# Burton Ion Killing my Feet



## TLN (Sep 7, 2010)

Well, if you like the Salomons and find it comfortable it is for you. The don't fit all so good, but if they fit you, it'd perfect. Personally i got 6 Salomon pairs total(2 for summer, 2 for winter, skates and snoboard). I bought 2 of them without trying out before, and they fit perfect to me. All US13 size. I mean if you find Factions comfy, you'll find any Salomons comfe too.

If you want to get a stiff one try something like Synapse, or F20-F22-F24 if you want to get more freestyle oriented boot(as ion is top level FREESTYLE boot). That'd be better choice, then talking about what's wrong with ion's.

I don't think that loosen a boot is a good idea. It should fit tight IMHO.


----------



## Chaos Theory (Sep 17, 2010)

prob def the boot. Don't loosen, like he said above - boot should be snug.

I don't have a suggestion for an alternative, al I know is my last two pair of Ion's fit next to perfect right out of the box. I don't have much of an arch at all so maybe these boots are rather shallow. :dunno:

I'm assuming this pain is caused while riding? what binders u running?


----------



## Rufus (Nov 7, 2008)

Are the Ions new? If they are maybe you just need to break them in.


----------



## SobeMike (Jan 13, 2010)

I used them for a full season so I gave them a run. It is while riding and not a problem while not riding. 

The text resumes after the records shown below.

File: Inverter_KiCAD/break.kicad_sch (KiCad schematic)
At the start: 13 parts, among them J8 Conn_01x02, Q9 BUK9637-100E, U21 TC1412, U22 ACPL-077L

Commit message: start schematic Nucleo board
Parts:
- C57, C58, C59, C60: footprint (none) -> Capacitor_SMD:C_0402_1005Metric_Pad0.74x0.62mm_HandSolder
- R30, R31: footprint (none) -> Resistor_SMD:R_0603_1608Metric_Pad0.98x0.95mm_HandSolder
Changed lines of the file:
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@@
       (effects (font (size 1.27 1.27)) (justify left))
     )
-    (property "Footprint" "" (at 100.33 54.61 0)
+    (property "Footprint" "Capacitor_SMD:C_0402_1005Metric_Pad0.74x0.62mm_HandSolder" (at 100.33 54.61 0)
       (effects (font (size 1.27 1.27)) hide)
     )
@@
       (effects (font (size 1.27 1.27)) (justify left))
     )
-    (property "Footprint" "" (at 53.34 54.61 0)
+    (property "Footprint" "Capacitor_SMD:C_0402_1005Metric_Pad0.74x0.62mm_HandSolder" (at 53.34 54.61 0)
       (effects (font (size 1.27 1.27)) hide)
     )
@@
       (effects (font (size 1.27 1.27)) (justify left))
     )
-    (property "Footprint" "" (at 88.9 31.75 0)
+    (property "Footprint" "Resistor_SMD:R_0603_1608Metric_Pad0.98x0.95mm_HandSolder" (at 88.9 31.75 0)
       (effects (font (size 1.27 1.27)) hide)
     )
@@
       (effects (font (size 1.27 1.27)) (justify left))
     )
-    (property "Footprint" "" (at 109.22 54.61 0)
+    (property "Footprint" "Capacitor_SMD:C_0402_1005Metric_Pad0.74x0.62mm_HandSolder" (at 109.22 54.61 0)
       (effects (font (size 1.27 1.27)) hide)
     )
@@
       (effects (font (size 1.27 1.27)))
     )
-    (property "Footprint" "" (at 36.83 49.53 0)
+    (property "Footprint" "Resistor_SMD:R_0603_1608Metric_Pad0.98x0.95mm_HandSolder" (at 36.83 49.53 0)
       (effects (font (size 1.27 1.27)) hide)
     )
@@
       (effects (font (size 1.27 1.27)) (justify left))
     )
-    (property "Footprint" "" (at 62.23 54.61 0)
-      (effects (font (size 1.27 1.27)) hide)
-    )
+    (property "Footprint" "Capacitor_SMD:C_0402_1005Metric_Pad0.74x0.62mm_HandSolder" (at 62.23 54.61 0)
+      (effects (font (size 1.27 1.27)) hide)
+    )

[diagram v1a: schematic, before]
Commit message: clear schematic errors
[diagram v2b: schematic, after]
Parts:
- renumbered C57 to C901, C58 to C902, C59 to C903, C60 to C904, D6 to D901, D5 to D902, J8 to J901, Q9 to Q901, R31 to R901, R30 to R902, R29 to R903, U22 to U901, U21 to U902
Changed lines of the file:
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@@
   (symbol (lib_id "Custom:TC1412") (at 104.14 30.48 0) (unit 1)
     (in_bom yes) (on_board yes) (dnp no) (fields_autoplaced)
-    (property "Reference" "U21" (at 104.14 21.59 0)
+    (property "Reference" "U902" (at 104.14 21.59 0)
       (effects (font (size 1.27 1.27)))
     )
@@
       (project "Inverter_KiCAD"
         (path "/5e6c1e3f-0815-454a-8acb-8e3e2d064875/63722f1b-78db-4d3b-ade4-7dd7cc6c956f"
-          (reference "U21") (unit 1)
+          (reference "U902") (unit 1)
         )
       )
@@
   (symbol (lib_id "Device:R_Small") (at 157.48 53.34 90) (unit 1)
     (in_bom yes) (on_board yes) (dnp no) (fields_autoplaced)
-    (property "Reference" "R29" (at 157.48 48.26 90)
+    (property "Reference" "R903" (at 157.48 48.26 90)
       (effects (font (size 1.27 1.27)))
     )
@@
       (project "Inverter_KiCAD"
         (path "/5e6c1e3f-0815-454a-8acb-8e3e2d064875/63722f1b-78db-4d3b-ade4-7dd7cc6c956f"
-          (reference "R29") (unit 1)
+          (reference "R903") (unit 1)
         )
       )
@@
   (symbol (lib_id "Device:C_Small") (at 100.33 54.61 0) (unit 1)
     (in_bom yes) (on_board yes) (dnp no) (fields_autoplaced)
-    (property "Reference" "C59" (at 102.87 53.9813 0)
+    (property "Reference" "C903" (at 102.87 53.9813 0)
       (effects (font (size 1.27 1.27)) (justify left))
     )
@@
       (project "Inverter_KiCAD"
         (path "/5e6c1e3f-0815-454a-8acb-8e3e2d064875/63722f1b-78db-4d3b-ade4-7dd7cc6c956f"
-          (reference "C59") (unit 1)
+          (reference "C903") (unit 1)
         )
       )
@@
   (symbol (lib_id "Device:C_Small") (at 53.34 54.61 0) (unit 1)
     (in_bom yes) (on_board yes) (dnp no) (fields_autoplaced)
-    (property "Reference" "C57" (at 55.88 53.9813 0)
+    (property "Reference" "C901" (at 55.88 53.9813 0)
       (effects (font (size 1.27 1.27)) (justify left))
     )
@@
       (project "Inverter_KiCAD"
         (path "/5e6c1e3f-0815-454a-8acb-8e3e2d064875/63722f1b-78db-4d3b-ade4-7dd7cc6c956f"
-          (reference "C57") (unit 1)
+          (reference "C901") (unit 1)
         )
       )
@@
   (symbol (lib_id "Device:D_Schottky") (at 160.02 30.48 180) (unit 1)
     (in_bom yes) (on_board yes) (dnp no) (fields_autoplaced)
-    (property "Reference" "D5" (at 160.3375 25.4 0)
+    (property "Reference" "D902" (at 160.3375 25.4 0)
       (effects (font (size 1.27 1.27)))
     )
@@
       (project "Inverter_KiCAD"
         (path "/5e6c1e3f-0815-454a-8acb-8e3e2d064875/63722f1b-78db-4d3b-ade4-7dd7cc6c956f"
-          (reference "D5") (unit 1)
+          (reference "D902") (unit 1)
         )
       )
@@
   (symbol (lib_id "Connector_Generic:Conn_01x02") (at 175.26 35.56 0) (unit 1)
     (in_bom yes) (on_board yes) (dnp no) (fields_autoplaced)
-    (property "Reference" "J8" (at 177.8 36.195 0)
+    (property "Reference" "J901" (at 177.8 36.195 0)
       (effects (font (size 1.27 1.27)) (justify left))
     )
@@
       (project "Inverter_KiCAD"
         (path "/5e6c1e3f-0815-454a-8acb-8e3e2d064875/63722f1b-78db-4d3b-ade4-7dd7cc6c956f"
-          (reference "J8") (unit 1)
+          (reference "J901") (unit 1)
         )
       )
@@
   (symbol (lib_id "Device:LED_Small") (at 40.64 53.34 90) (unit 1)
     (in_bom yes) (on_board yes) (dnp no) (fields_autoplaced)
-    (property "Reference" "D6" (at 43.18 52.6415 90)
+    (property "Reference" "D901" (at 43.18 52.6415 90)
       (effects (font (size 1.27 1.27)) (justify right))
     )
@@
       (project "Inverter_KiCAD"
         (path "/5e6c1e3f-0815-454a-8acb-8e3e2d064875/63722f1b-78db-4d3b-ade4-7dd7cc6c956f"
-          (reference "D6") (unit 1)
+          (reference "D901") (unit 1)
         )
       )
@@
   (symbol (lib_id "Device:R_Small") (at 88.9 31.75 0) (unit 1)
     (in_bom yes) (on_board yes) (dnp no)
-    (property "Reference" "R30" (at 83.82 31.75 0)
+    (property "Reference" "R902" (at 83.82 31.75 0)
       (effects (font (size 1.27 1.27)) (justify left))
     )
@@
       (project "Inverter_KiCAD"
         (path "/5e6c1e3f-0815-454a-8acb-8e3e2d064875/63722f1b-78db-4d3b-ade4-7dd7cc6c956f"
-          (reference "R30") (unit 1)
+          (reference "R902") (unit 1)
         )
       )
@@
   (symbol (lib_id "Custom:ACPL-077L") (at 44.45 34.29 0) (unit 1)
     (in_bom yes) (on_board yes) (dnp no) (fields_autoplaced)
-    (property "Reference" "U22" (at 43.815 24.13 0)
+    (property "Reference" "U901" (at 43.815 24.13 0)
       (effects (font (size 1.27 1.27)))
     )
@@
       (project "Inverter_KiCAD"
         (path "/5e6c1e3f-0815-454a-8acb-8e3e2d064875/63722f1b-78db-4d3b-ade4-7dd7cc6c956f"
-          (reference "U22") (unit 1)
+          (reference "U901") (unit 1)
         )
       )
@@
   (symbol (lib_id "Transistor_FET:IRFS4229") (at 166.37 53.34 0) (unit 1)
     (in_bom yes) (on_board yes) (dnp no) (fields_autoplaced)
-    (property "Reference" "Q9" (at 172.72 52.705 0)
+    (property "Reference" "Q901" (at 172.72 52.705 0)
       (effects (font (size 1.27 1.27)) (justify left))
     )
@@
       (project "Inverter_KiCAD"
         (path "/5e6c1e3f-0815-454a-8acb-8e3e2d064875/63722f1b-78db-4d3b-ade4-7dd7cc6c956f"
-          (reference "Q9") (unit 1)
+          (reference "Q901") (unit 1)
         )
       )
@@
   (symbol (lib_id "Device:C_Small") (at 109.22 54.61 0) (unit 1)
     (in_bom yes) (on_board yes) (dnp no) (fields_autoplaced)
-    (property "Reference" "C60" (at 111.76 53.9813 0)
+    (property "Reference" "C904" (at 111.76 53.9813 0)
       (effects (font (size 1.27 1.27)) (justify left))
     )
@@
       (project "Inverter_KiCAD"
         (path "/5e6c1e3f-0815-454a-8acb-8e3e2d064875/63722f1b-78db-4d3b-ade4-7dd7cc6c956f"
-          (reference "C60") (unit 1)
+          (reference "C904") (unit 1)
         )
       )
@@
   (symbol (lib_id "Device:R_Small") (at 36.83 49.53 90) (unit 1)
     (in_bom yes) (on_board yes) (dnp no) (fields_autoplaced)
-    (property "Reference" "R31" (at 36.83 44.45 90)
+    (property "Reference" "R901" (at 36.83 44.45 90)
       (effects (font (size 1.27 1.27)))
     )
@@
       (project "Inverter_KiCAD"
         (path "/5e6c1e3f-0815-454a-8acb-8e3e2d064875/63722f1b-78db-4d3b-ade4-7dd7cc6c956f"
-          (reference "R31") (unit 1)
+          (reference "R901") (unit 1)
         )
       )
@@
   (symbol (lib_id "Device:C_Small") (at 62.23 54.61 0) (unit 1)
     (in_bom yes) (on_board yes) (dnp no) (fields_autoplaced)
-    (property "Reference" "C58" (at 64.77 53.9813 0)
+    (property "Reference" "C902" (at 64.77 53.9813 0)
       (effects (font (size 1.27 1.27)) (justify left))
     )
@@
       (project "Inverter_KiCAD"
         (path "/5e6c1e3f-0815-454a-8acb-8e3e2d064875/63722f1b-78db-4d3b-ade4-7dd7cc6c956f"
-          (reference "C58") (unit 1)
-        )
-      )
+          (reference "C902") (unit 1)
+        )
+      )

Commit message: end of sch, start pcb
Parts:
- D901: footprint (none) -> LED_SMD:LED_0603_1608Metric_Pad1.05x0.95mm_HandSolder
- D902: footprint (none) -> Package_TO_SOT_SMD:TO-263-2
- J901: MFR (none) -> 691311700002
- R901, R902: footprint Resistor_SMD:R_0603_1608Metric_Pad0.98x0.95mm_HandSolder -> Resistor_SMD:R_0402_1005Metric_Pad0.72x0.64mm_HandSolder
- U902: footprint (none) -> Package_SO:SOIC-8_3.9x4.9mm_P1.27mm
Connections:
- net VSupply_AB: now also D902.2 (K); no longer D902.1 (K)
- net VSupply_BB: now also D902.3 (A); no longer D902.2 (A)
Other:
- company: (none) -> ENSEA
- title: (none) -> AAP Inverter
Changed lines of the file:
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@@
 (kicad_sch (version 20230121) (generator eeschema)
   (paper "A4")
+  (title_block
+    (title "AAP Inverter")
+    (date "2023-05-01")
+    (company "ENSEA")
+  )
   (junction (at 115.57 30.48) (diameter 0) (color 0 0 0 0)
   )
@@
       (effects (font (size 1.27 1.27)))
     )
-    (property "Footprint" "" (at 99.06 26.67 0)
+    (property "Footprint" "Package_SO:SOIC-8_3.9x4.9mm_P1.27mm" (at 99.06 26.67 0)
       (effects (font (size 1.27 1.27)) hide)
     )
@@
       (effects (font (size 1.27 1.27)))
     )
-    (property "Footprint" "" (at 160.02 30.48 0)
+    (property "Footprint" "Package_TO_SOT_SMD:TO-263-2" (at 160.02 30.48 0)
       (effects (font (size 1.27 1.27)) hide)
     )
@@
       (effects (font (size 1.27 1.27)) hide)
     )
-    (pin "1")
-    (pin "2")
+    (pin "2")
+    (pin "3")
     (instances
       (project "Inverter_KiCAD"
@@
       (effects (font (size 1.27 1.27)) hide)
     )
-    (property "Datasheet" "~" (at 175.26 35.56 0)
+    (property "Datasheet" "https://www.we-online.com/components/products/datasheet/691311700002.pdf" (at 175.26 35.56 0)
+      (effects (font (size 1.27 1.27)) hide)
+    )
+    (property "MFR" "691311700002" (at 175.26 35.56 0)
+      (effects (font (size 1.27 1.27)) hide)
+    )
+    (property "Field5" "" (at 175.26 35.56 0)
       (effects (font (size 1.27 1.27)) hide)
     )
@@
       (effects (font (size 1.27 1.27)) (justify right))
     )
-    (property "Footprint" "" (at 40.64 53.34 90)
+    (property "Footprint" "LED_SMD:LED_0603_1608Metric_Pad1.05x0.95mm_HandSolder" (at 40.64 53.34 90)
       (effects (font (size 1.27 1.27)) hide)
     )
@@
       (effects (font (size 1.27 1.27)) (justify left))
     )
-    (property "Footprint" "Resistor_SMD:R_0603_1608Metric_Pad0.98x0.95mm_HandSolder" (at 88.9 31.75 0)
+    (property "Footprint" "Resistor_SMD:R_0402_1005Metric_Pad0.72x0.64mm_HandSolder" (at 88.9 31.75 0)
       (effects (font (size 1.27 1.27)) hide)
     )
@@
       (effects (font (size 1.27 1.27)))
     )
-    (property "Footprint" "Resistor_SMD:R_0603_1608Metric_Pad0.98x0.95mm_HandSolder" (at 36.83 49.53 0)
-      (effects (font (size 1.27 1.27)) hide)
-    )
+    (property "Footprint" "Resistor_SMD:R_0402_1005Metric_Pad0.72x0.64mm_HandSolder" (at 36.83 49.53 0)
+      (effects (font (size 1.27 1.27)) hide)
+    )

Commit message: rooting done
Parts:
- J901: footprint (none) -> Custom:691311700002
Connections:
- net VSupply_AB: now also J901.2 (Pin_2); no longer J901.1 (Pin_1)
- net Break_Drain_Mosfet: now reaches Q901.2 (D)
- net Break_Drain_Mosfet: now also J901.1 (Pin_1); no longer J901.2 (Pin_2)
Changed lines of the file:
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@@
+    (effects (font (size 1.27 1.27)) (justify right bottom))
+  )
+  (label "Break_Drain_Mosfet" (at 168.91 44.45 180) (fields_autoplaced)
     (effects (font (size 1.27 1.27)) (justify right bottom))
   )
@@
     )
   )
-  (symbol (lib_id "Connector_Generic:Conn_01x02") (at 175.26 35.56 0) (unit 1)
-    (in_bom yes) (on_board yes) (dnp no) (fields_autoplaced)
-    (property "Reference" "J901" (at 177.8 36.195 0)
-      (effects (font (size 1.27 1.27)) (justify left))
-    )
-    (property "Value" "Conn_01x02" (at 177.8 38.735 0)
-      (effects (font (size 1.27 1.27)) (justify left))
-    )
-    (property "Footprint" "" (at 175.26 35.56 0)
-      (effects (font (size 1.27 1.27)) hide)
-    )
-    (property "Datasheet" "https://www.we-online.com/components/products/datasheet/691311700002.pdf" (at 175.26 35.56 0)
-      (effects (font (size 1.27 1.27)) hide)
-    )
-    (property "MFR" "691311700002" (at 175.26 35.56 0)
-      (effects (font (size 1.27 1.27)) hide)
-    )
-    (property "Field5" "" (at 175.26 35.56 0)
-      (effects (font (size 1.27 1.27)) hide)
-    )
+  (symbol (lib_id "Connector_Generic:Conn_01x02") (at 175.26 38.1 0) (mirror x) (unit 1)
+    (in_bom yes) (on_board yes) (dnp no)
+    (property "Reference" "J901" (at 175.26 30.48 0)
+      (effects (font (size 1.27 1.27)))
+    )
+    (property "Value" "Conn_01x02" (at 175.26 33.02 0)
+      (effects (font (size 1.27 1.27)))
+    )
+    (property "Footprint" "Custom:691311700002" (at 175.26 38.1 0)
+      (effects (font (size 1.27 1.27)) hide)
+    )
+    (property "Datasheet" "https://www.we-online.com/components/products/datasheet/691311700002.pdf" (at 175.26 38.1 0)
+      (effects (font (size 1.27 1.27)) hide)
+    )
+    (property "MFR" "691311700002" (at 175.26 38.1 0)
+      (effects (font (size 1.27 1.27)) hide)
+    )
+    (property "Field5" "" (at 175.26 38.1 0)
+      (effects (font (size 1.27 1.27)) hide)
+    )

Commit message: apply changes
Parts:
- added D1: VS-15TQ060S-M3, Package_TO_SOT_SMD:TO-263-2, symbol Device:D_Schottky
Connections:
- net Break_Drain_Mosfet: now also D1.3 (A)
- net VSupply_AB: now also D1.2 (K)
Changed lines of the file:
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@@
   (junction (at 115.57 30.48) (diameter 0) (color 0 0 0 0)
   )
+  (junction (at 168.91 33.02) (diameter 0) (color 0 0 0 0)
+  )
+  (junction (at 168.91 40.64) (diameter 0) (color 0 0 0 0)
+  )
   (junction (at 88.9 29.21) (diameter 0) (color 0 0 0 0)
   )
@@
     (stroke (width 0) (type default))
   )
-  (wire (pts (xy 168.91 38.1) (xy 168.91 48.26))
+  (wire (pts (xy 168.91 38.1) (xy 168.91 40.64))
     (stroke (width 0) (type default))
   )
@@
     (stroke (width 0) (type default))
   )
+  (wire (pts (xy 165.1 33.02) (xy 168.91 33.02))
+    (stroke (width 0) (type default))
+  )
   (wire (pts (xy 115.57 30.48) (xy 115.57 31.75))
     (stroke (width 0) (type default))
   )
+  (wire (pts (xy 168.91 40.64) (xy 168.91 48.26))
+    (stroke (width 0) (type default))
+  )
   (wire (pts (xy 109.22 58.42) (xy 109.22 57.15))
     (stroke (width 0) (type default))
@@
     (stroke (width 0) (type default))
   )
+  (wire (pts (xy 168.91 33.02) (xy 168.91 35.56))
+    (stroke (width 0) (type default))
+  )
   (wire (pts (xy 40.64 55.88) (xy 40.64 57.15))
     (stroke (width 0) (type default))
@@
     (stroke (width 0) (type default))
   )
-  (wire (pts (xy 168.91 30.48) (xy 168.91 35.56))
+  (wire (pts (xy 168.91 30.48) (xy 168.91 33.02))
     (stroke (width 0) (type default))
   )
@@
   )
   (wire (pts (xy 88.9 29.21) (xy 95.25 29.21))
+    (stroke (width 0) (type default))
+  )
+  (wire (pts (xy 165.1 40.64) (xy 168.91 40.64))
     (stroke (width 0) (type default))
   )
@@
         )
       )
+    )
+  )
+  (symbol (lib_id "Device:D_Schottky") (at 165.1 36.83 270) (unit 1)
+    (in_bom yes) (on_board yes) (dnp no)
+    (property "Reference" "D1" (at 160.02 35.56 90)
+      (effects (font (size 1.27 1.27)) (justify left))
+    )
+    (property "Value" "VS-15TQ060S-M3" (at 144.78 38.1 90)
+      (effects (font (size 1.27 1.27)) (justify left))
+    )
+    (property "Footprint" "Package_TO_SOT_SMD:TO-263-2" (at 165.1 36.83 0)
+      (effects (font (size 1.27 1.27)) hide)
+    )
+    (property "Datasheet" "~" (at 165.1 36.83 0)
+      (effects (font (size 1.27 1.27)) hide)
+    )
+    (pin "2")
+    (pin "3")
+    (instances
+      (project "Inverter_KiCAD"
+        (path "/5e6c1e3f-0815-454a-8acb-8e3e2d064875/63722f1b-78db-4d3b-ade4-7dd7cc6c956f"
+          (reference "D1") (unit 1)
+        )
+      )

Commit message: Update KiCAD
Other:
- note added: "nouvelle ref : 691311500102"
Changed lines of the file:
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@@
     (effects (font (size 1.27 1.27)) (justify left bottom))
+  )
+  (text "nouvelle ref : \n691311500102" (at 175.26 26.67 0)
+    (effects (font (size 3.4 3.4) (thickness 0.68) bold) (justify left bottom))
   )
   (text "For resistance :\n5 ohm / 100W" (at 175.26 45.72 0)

I had the Cartels and then the C02s later in the season. Same pain.


----------



## Ca-Pow (Mar 27, 2010)

Might be the piping on the speed lacing that is mounted to the shell. Take your liner out and see if the pain/pressure points are where the housing for the speed lacing is. If you locate it you might be able to add some thin rubber or other padding in those areas. Use a hot gun or super glue.

I know some may tell you to pitch the Ions but try to figure it out first and make some adjustments. 

Next time you go to get boots...NOT to be smart ass but Boa systems or speed lace systems I'm not a fan of for I always feel the piping/housing in the liners, that is why I'm a BIG fan of good old lace up boots. 

Good Luck!


----------



## Triple8Sol (Nov 24, 2008)

Those boots have heat moldable liners. Have you had them heatmold it? They can do it with this sleeve you slip over your toes, so as it cools down, it will mold to a larger toebox area and give you more room. That might help...


----------



## J.Schaef (Sep 13, 2009)

different insoles may help as well. some superfeet maybe?


----------



## binarypie (Nov 29, 2009)

The following combination will help with your Ions.

Heat mold your inserts because that will help a ton!
Second go get custom foodbeds made.

I love my Ions but I'm not beyond customizing them to my feet... in fact I'd do the above with any boot I'd buy.


----------



## Suburban Blend (Feb 23, 2008)

Try different bindings too, I rode a friends board and was unable to continue riding because the pain was so bad, it turned out to be the bindings


----------



## VTRDR (Oct 15, 2009)

I have a pair of Ions and mine hurt very bad while riding last season. I swapped out my bindings and boom, my feet were fine, well better than fine really. I never have pain at all now. I was using Burton P1's when I would get the pain and I went to Romes and the pain is gone.


----------



## skramr (Feb 22, 2010)

I bought a pair of size 11 Ions last year and my feet where killing me. I usually wear 10 1/2 to 11 work boots. I found that taking out the removable foot bed in the liner helped a ton and they fit perfect now....no PAIN


----------



## plagtr2 (Oct 13, 2010)

Old post but I had a similar issue with my IONS causing pain on the top of my foot. Turns out the loops for the inner boot laces were digging in to my foot. There are metal "loops" that the string passes through. I ended up cutting them out & allowing the lace to go through the nylon loop (that the metal loop was mounted on) & this fixed my problem. The metal loop created a pressure point on the top of my foot that hurt like hell. Hacked 'em out & all is good. YMMV...


----------